Hier muss allerdings beachtet werden, dass unsere domestizierten Pferde, je nachdem, wie sie aufgewachsen sind, gehalten und gefüttert werden, sehr oft nicht mehr instinktsicher sind.

 

Die Dosis macht das Gift

Eicheln können also insgesamt – in geringer Menge – eine sinnvolle Ergänzung des Speiseplans darstellen und den Stoffwechsel deines Pferdes potenziell unterstützen.

Natürlich empfehle ich auf keinen Fall, dass du dein Pferd jetzt ungeprüft mit großen Mengen Eicheln fütterst. Wenn nicht genug hochwertiges Raufutter zur Verfügung steht oder dein Pferd bezüglich seines Stoffwechsels oder seiner Fressinstinkte nicht optimal „funktioniert“, besteht tatsächlich die Gefahr, dass dein Pferd bei einem Überangebot mehr Eicheln isst, als es verträgt.

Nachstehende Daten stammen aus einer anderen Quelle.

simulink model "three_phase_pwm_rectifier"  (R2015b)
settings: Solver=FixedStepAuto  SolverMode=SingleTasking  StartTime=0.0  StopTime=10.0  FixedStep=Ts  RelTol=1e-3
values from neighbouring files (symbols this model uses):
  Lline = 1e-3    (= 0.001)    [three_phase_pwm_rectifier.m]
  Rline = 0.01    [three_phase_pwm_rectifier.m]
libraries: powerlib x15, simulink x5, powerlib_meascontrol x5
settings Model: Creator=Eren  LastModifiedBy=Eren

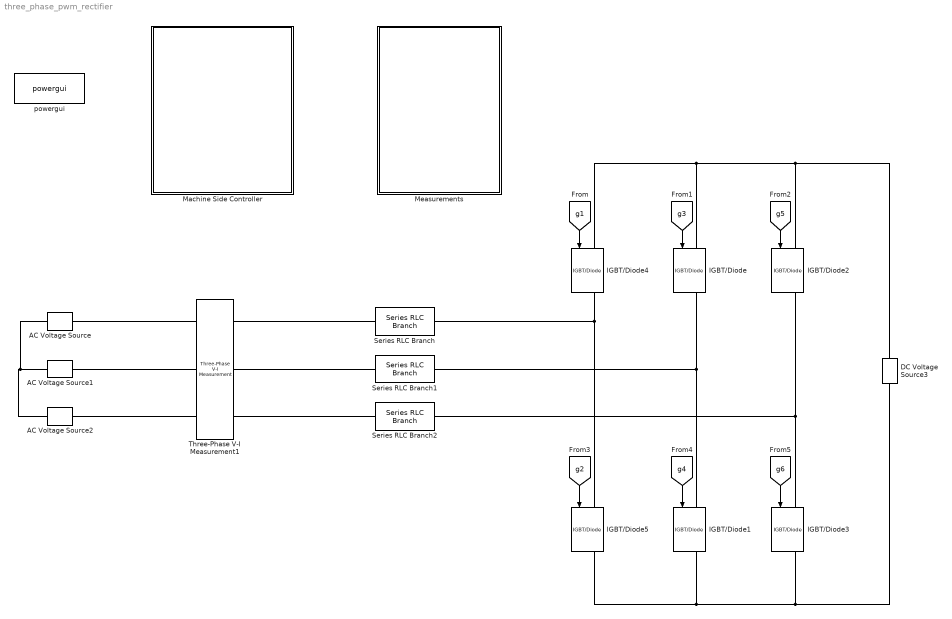
== system three_phase_pwm_rectifier ==
  AC Voltage Source : powerlib/Electrical Sources/AC Voltage Source  Amplitude=400*sqrt(2)  Phase=0  Frequency=50  SampleTime=0  Measurements=None  BusType=swing  Pref=10e3  Qref=0  Qmin=-inf  Qmax=+inf
  AC Voltage Source1 : powerlib/Electrical Sources/AC Voltage Source  Amplitude=400*sqrt(2)  Phase=-120  Frequency=50  SampleTime=0  Measurements=None  BusType=swing  Pref=10e3  Qref=0  Qmin=-inf  Qmax=+inf
  AC Voltage Source2 : powerlib/Electrical Sources/AC Voltage Source  Amplitude=400*sqrt(2)  Phase=120  Frequency=50  SampleTime=0  Measurements=None  BusType=swing  Pref=10e3  Qref=0  Qmin=-inf  Qmax=+inf
  DC Voltage Source3 : powerlib/Electrical Sources/DC Voltage Source  Amplitude=1200  Measurements=None
  IGBT/Diode{,1..5} (6 alike) : powerlib/Power Electronics/IGBT//Diode  Ron=1e-3  Rs=1e5  Cs=inf  Measurements=on
  "Machine Side Controller " : Subsystem
  Measurements : Subsystem
  Series RLC Branch : powerlib/Elements/Series RLC Branch  LConnTagsString=__new0  RConnTagsString=__new0  BranchType=RL  Resistance=Rline  Inductance=Lline  SetiL0=off  InitialCurrent=0  Capacitance=1e-6  Setx0=off  InitialVoltage=0  Measurements=None
  Series RLC Branch1 : powerlib/Elements/Series RLC Branch  LConnTagsString=__new0  RConnTagsString=__new0  BranchType=RL  Resistance=Rline  Inductance=Lline  SetiL0=off  InitialCurrent=0  Capacitance=1e-6  Setx0=off  InitialVoltage=0  Measurements=None
  Series RLC Branch2 : powerlib/Elements/Series RLC Branch  LConnTagsString=__new0  RConnTagsString=__new0  BranchType=RL  Resistance=Rline  Inductance=Lline  SetiL0=off  InitialCurrent=0  Capacitance=1e-6  Setx0=off  InitialVoltage=0  Measurements=None
  Three-Phase V-I Measurement1 : powerlib/Measurements/Three-Phase V-I Measurement  VoltageMeasurement=phase-to-phase  SetLabelV=on  LabelV=Vsabc  Vpu=off  VpuLL=on  CurrentMeasurement=yes  SetLabelI=on  LabelI=Isabc  Ipu=on  Pbase=2.75e6  Vbase=690  OutputType=Complex  PhasorSimulation=off  PSBequivalent=0
  powergui : powerlib/powergui  Priority=2  SimulationMode=Discrete  SolverType=Tustin  SampleTime=10e-6  frequency=60  SPID=off  DisableSnubberDevices=off  DisableRonSwitches=off  DisableVfSwitches=off  SwTol=0  DisplayEquations=off  Interpol=off  ExternalGateDelay=off  methode=off  Ts=0  FunctionMessages=off  echomessages=off  HookPort=off  EnableUseOfTLC=off  x0status=blocks  frequencyindice=0  Pbase=100e6  ErrMax=1e-4  Iterations=50  UnitsV=kV  UnitsW=MW  buscounter=0  RestoreLinks=warning  ResistiveCurrentMeasurement=off  Frange=[0:2:500]  Ylog=off  Xlog=on  ShowGrid=off  save=off  variable=ZData  structure=0  ZoomFFT=on  StartTime=0.0  cycles=1  DisplayStyle=1  fundamental=60  FreqAxis=off  MaxFrequency=1000  frequencyindicesteady=1  RmsSteady=1  display=off
  wires:
  [g1] -> IGBT/Diode4/1
  [g3] -> IGBT/Diode/1
  [g5] -> IGBT/Diode2/1
  [g2] -> IGBT/Diode5/1
  [g4] -> IGBT/Diode1/1
  [g6] -> IGBT/Diode3/1
  connections:
  AC Voltage Source2/LConn1 -- AC Voltage Source/LConn1 -- AC Voltage Source1/LConn1
  Three-Phase V-I Measurement1/RConn1 -- Series RLC Branch/LConn1
  Series RLC Branch1/LConn1 -- Three-Phase V-I Measurement1/RConn2
  Three-Phase V-I Measurement1/LConn3 -- AC Voltage Source2/RConn1
  Three-Phase V-I Measurement1/LConn2 -- AC Voltage Source1/RConn1
  Three-Phase V-I Measurement1/LConn1 -- AC Voltage Source/RConn1
  Series RLC Branch2/LConn1 -- Three-Phase V-I Measurement1/RConn3
  IGBT/Diode5/LConn1 -- Series RLC Branch/RConn1 -- IGBT/Diode4/RConn1
  IGBT/Diode1/LConn1 -- Series RLC Branch1/RConn1 -- IGBT/Diode/RConn1
  IGBT/Diode3/LConn1 -- Series RLC Branch2/RConn1 -- IGBT/Diode2/RConn1
  IGBT/Diode2/LConn1 -- DC Voltage Source3/RConn1 -- IGBT/Diode/LConn1 -- IGBT/Diode4/LConn1
  IGBT/Diode5/RConn1 -- IGBT/Diode1/RConn1 -- IGBT/Diode3/RConn1 -- DC Voltage Source3/LConn1

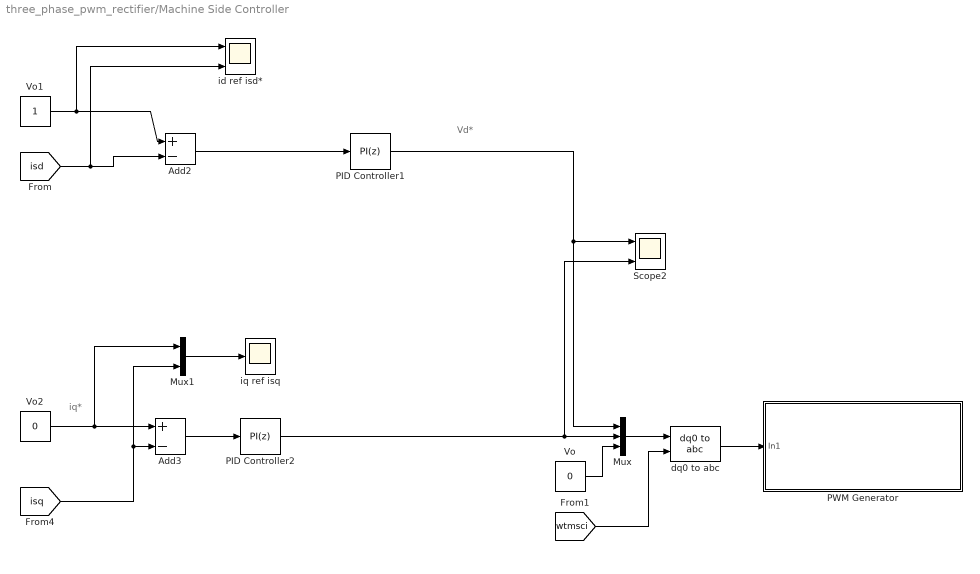
== system three_phase_pwm_rectifier/Machine Side Controller  ==
  note: iq*
  note: Vd*
  Add2 : Sum  Inputs=+-
  Add3 : Sum  Inputs=+-
  Mux : Mux  Inputs=3
  Mux1 : Mux  Inputs=2
  PID Controller1 : simulink/Continuous/PID Controller  Controller=PI  TimeDomain=Discrete-time  SampleTime=-1  IntegratorMethod=Forward Euler  FilterMethod=Forward Euler  Form=Ideal  UseFilter=on  ControllerParametersSource=internal  P=0.05  I=0.1  D=0  N=100  InitialConditionSource=internal  InitialConditionForIntegrator=0  InitialConditionForFilter=0  ExternalReset=none  LimitOutput=on  UpperSaturationLimit=1  LowerSaturationLimit=-1  LinearizeAsGain=on  AntiWindupMode=none  Kb=1  TrackingMode=off  Kt=1  PParamMin=[]  PParamMax=[]  IParamMin=[]  IParamMax=[]  DParamMin=[]  DParamMax=[]  NParamMin=[]  NParamMax=[]  KbParamMin=[]  KbParamMax=[]  KtParamMin=[]  KtParamMax=[]  POutMin=[]  POutMax=[]  IOutMin=[]  IOutMax=[]  DOutMin=[]  DOutMax=[]  NOutMin=[]  NOutMax=[]  KbOutMin=[]  KbOutMax=[]  KtOutMin=[]  KtOutMax=[]  IntegratorOutMin=[]  IntegratorOutMax=[]  FilterOutMin=[]  FilterOutMax=[]  SumOutMin=[]  SumOutMax=[]  SumI1OutMin=[]  SumI1OutMax=[]  SumI2OutMin=[]  SumI2OutMax=[]  SumI3OutMin=[]  SumI3OutMax=[]  SumDOutMin=[]  SumDOutMax=[]  SaturationOutMin=[]  SaturationOutMax=[]  IntegratorContinuousStateAttributes=''  IntegratorStateMustResolveToSignalObject=off  IntegratorRTWStateStorageClass=Auto  FilterContinuousStateAttributes=''  FilterStateMustResolveToSignalObject=off  FilterRTWStateStorageClass=Auto  DifferentiatorICPrevScaledInput=0  DifferentiatorOutMin=[]  DifferentiatorOutMax=[]
  PID Controller2 : simulink/Continuous/PID Controller  Controller=PI  TimeDomain=Discrete-time  SampleTime=-1  IntegratorMethod=Forward Euler  FilterMethod=Forward Euler  Form=Ideal  UseFilter=on  ControllerParametersSource=internal  P=0.07  I=0.1  D=0  N=100  InitialConditionSource=internal  InitialConditionForIntegrator=0  InitialConditionForFilter=0  ExternalReset=none  LimitOutput=on  UpperSaturationLimit=1  LowerSaturationLimit=-1  LinearizeAsGain=on  AntiWindupMode=none  Kb=1  TrackingMode=off  Kt=1  PParamMin=[]  PParamMax=[]  IParamMin=[]  IParamMax=[]  DParamMin=[]  DParamMax=[]  NParamMin=[]  NParamMax=[]  KbParamMin=[]  KbParamMax=[]  KtParamMin=[]  KtParamMax=[]  POutMin=[]  POutMax=[]  IOutMin=[]  IOutMax=[]  DOutMin=[]  DOutMax=[]  NOutMin=[]  NOutMax=[]  KbOutMin=[]  KbOutMax=[]  KtOutMin=[]  KtOutMax=[]  IntegratorOutMin=[]  IntegratorOutMax=[]  FilterOutMin=[]  FilterOutMax=[]  SumOutMin=[]  SumOutMax=[]  SumI1OutMin=[]  SumI1OutMax=[]  SumI2OutMin=[]  SumI2OutMax=[]  SumI3OutMin=[]  SumI3OutMax=[]  SumDOutMin=[]  SumDOutMax=[]  SaturationOutMin=[]  SaturationOutMax=[]  IntegratorContinuousStateAttributes=''  IntegratorStateMustResolveToSignalObject=off  IntegratorRTWStateStorageClass=Auto  FilterContinuousStateAttributes=''  FilterStateMustResolveToSignalObject=off  FilterRTWStateStorageClass=Auto  DifferentiatorICPrevScaledInput=0  DifferentiatorOutMin=[]  DifferentiatorOutMax=[]
  "PWM Generator " : Subsystem
  Scope2 : Scope  NumInputPorts=2
  Vo : Constant  Value=0
  Vo1 : Constant
  Vo2 : Constant  Value=0
  dq0 to abc : powerlib_meascontrol/Transformations/dq0 to abc  Alignment=90 degrees behind phase A axis
  id ref isd* : Scope  NumInputPorts=2
  iq ref isq : Scope
  wires:
  Mux/1 -> dq0 to abc/1
  Vo1/1 -> id ref isd*/1, Add2/1
  Vo/1 -> Mux/3
  [isq] -> Mux1/2, Add3/2
  Add3/1 -> PID Controller2/1
  Add2/1 -> PID Controller1/1
  [isd] -> id ref isd*/2, Add2/2
  Mux1/1 -> iq ref isq/1
  PID Controller1/1 -> Mux/1, Scope2/1
  PID Controller2/1 -> Mux/2, Scope2/2
  Vo2/1 -> Mux1/1, Add3/1
  dq0 to abc/1 -> "PWM Generator "/1(In1)
  [wtmsci] -> dq0 to abc/2

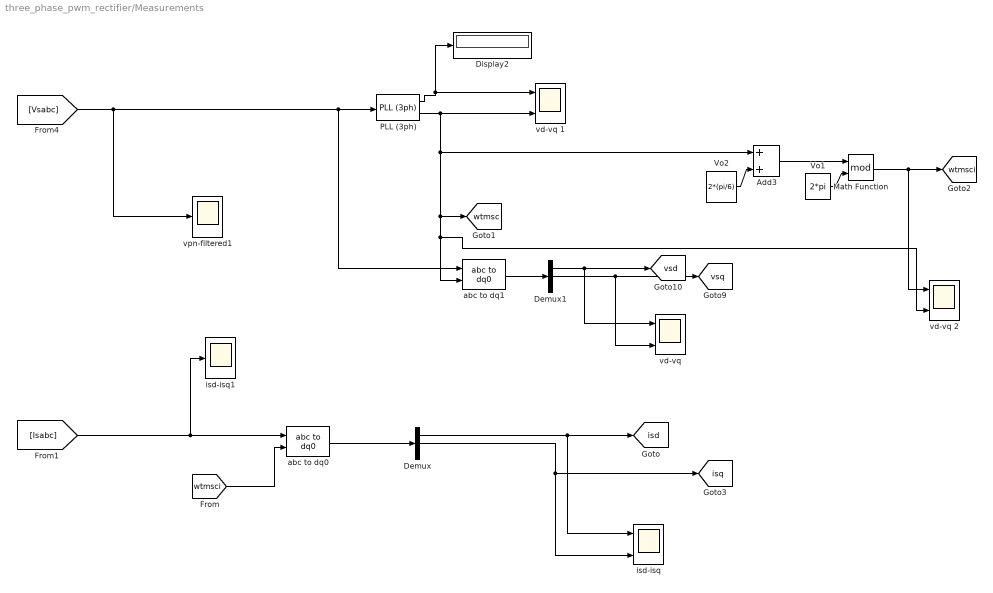
== system three_phase_pwm_rectifier/Measurements ==
  Add3 : Sum
  Demux : Demux  Outputs=3
  Demux1 : Demux  Outputs=3
  Display2 : Display
  Math Function : Math  Operator=mod  SaturateOnIntegerOverflow=on
  PLL (3ph) : powerlib_meascontrol/PLL/PLL (3ph)  Fmin=45  Par_Init=[0, 50]  ParK=[180, 3200, 1]  TcD=1e-4  MaxRateChangeFreq=12  FilterCutOffFreq=25  Ts=0  AGC=on
  Vo1 : Constant  Value=2*pi
  Vo2 : Constant  Value=2*(pi/6)
  abc to dq0 : powerlib_meascontrol/Transformations/abc to dq0  Alignment=90 degrees behind phase A axis
  abc to dq1 : powerlib_meascontrol/Transformations/abc to dq0  Alignment=90 degrees behind phase A axis
  isd-isq : Scope  NumInputPorts=2
  isd-isq1 : Scope
  "vd-vq " : Scope  NumInputPorts=2
  vd-vq 1 : Scope  NumInputPorts=2
  vd-vq 2 : Scope  NumInputPorts=2
  vpn-filtered1 : Scope
  tag scope: isd=global, isq=global, vsd=global, vsq=global, wtmsc=global, wtmsci=global
  wires:
  [Vsabc] -> vpn-filtered1/1, PLL (3ph)/1, abc to dq1/1
  PLL (3ph)/1 -> Display2/1, vd-vq 1/1
  [Isabc] -> isd-isq1/1, abc to dq0/1
  abc to dq0/1 -> Demux/1
  abc to dq1/1 -> Demux1/1
  Demux1/1 -> "vd-vq "/1, [vsd]
  Demux1/2 -> "vd-vq "/2, [vsq]
  Demux/1 -> isd-isq/1, [isd]
  Demux/2 -> [isq], isd-isq/2
  Math Function/1 -> vd-vq 2/1, [wtmsci]
  Add3/1 -> Math Function/1
  Vo2/1 -> Add3/2
  Vo1/1 -> Math Function/2
  [wtmsci] -> abc to dq0/2
  PLL (3ph)/2 -> Add3/1, [wtmsc], vd-vq 2/2, abc to dq1/2, vd-vq 1/2

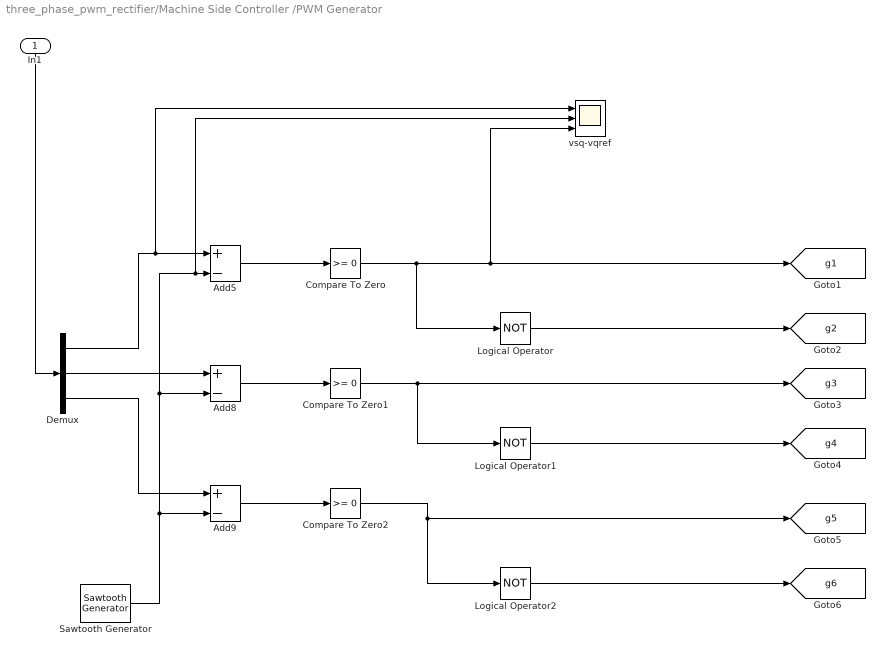
== system three_phase_pwm_rectifier/Machine Side Controller /PWM Generator  ==
  In1 : Inport
  Add5 : Sum  Inputs=+-
  Add8 : Sum  Inputs=+-
  Add9 : Sum  Inputs=+-
  Compare To Zero : simulink/Logic and Bit Operations/Compare To Zero  relop=>=  OutDataTypeStr=boolean
  Compare To Zero1 : simulink/Logic and Bit Operations/Compare To Zero  relop=>=  OutDataTypeStr=boolean
  Compare To Zero2 : simulink/Logic and Bit Operations/Compare To Zero  relop=>=  OutDataTypeStr=boolean
  Demux : Demux  Outputs=3
  Logical Operator : Logic  Operator=NOT  AllPortsSameDT=off  OutDataTypeStr=boolean
  Logical Operator1 : Logic  Operator=NOT  AllPortsSameDT=off  OutDataTypeStr=boolean
  Logical Operator2 : Logic  Operator=NOT  AllPortsSameDT=off  OutDataTypeStr=boolean
  Sawtooth Generator : powerlib_meascontrol/Pulse & Signal Generators/Sawtooth Generator  Freq=drivefreq  Phase=0  Ts=0
  vsq-vqref : Scope  NumInputPorts=3
  tag scope: g1=global, g2=global, g3=global, g4=global, g5=global, g6=global
  wires:
  Add8/1 -> Compare To Zero1/1
  Demux/1 -> vsq-vqref/1, Add5/1
  Compare To Zero/1 -> Logical Operator/1, [g1], vsq-vqref/3
  Add9/1 -> Compare To Zero2/1
  Demux/2 -> Add8/1
  Demux/3 -> Add9/1
  Logical Operator2/1 -> [g6]
  Add5/1 -> Compare To Zero/1
  In1/1 -> Demux/1
  Sawtooth Generator/1 -> Add8/2, vsq-vqref/2, Add5/2, Add9/2
  Compare To Zero1/1 -> [g3], Logical Operator1/1
  Logical Operator/1 -> [g2]
  Compare To Zero2/1 -> Logical Operator2/1, [g5]
  Logical Operator1/1 -> [g4]

Wenn aber deine gesamte Fütterung artgerecht ist – also genug hochwertiges Heu, Weidegang, natürliche Mineralstoffe usw., dann kannst du deinem Pferd kleine Mengen Eicheln als Bereicherung seines Speisplans anbieten. Beim Sammeln achte bitte darauf, dass die Eicheln reif (also braun und nicht grün) sind und keine kleinen Wurmlöcher haben. Du solltest die Eicheln nicht unter ein anderes Futter mischen, sondern pur anbieten, damit dein Pferd klar unterscheiden kann, was es zu sich nimmt.

Wenn dein Pferd sich sehr auf die Eicheln stürzt, kann dies ein Hinweis auf Verdauungsprobleme sein und einen Anlass darstellen, die Fütterung, Haltung und Gesundheit deines Lieblings einmal ganzheitlich zu überprüfen.

Meine Ponys essen zum Beispiel in der Regel eine gute Hand voll je Pony nicht auf. Es gibt auch Tage, an denen sie gar keine Eicheln essen möchten.

Früher wurden die Früchte von wildwachsenden Gehölzen – eben auch von Eichen – übrigens ganz regelmäßig für den menschlichen und den tierischen Verzehr gesammelt. Eicheln wurden zu Brot oder Kaffee verarbeitet. Dazu wurden die Gerbstoffe durch intensives Wässern ausgewaschen

Quellen:

Rahmann, G. (2004): Gehölzfutter – eine neue Quelle für die ökologische Tierernährung, Landbauforsch Völkenrode, SH 272, S. 29-42.

Reichling, J. et al. (2008): Heilpflanzenkunde für die Veterinärpraxis, 2. Auflage, Springer.